INPUT DATA –
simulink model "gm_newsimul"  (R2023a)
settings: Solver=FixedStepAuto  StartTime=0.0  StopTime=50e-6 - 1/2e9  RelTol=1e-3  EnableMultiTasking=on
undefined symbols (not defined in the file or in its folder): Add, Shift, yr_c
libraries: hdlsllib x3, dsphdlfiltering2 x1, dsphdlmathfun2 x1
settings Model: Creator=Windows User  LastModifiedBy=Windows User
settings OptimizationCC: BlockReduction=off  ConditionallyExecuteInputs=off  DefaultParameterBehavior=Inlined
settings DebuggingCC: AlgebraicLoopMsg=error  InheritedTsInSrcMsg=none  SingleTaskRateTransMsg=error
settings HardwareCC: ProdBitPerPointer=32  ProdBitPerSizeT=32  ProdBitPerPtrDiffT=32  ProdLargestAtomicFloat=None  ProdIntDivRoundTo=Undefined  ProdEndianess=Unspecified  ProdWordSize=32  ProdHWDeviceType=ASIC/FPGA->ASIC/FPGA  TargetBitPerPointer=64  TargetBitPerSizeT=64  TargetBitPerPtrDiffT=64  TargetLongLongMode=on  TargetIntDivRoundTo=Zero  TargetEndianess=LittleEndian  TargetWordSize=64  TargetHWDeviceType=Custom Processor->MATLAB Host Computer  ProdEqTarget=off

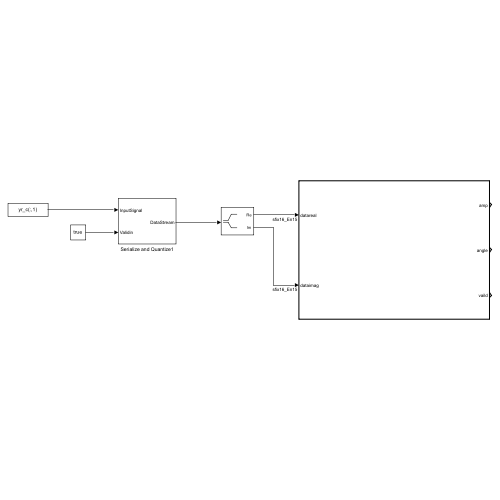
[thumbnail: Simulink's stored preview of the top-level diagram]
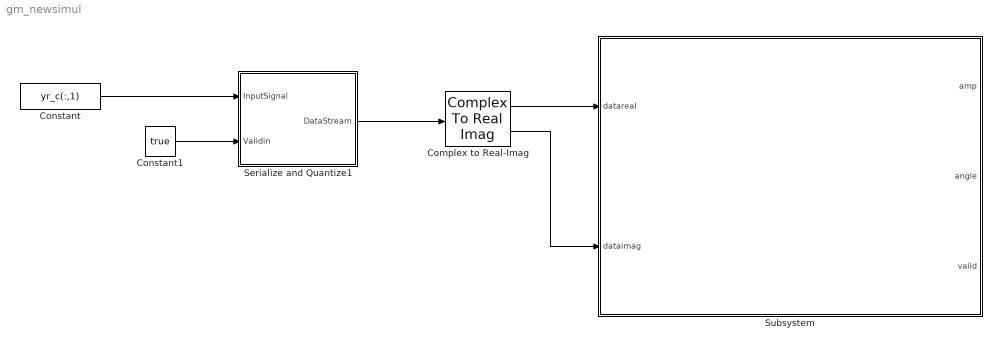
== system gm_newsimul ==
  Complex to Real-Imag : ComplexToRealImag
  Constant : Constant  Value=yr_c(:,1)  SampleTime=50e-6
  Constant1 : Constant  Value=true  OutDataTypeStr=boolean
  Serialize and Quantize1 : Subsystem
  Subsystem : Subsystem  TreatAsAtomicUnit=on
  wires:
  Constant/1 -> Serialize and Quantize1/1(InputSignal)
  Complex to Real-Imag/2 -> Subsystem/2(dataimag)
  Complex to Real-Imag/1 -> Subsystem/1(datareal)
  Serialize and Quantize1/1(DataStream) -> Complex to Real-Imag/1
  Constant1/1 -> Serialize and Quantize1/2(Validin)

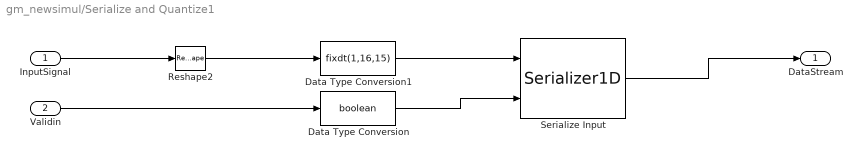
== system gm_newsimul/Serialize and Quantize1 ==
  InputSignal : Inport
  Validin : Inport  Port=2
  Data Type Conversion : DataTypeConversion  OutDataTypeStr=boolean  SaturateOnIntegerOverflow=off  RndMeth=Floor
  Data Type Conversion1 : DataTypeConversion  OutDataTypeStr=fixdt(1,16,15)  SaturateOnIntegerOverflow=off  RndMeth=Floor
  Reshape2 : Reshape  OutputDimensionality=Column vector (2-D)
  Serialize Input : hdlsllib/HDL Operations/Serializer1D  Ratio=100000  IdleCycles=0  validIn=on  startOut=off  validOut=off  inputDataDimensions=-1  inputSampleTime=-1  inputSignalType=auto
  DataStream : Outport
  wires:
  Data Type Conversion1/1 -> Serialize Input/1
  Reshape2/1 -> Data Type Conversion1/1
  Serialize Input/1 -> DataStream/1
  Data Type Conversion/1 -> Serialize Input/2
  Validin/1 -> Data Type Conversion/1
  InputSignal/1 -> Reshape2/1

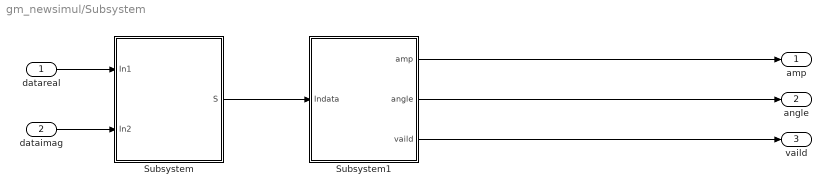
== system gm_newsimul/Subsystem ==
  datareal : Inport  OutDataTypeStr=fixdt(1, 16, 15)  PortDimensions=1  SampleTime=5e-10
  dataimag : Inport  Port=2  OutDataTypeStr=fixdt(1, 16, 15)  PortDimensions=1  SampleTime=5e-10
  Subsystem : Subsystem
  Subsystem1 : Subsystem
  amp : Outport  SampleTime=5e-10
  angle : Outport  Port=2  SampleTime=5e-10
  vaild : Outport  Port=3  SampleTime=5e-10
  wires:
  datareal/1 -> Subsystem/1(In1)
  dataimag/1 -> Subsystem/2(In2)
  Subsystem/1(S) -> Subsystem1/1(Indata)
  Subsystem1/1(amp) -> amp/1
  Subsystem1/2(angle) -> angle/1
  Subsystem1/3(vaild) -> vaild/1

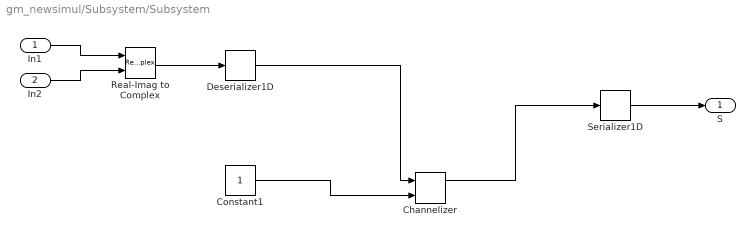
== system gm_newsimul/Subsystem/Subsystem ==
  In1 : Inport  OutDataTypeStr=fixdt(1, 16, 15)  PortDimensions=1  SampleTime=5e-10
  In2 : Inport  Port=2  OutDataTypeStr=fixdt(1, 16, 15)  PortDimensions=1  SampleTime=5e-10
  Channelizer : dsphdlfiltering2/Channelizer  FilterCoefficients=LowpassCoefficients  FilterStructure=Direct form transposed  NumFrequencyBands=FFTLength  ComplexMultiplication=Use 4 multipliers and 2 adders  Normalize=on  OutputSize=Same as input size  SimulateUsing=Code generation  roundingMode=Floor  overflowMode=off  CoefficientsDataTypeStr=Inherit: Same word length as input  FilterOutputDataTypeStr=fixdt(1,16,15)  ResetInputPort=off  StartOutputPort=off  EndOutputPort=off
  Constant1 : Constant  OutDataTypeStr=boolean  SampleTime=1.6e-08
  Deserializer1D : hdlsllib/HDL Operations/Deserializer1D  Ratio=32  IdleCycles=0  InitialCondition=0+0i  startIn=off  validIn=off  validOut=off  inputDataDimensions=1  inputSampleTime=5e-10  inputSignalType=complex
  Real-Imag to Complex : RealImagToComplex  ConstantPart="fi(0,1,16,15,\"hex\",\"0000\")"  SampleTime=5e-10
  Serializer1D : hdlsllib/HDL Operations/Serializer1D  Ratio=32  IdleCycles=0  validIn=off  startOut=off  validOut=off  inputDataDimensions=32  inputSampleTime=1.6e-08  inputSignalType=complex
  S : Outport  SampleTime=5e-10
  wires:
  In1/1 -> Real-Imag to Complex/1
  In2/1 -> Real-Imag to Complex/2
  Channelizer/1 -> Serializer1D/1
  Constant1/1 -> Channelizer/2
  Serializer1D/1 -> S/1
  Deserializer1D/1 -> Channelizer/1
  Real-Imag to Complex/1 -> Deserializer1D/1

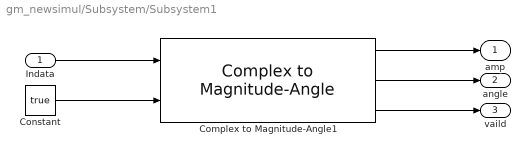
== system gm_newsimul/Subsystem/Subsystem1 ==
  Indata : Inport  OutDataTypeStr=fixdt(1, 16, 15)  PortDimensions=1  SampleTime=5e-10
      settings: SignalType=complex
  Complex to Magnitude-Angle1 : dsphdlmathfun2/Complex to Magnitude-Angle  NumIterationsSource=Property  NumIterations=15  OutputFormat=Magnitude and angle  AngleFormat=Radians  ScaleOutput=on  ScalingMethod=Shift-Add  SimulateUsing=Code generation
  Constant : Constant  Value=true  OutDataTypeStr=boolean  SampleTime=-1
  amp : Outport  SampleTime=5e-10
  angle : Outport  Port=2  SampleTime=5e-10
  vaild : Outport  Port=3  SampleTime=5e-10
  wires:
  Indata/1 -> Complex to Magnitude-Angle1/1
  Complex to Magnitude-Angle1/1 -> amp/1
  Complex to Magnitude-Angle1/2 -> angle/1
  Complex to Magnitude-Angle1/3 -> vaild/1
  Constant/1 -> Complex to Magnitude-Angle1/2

ASSIGNED TASK –
The answer must be every line of the records that contains the word "inputSampleTime".

EXERCISE RESULT –
  Serialize Input : hdlsllib/HDL Operations/Serializer1D  Ratio=100000  IdleCycles=0  validIn=on  startOut=off  validOut=off  inputDataDimensions=-1  inputSampleTime=-1  inputSignalType=auto
  Deserializer1D : hdlsllib/HDL Operations/Deserializer1D  Ratio=32  IdleCycles=0  InitialCondition=0+0i  startIn=off  validIn=off  validOut=off  inputDataDimensions=1  inputSampleTime=5e-10  inputSignalType=complex
  Serializer1D : hdlsllib/HDL Operations/Serializer1D  Ratio=32  IdleCycles=0  validIn=off  startOut=off  validOut=off  inputDataDimensions=32  inputSampleTime=1.6e-08  inputSignalType=complex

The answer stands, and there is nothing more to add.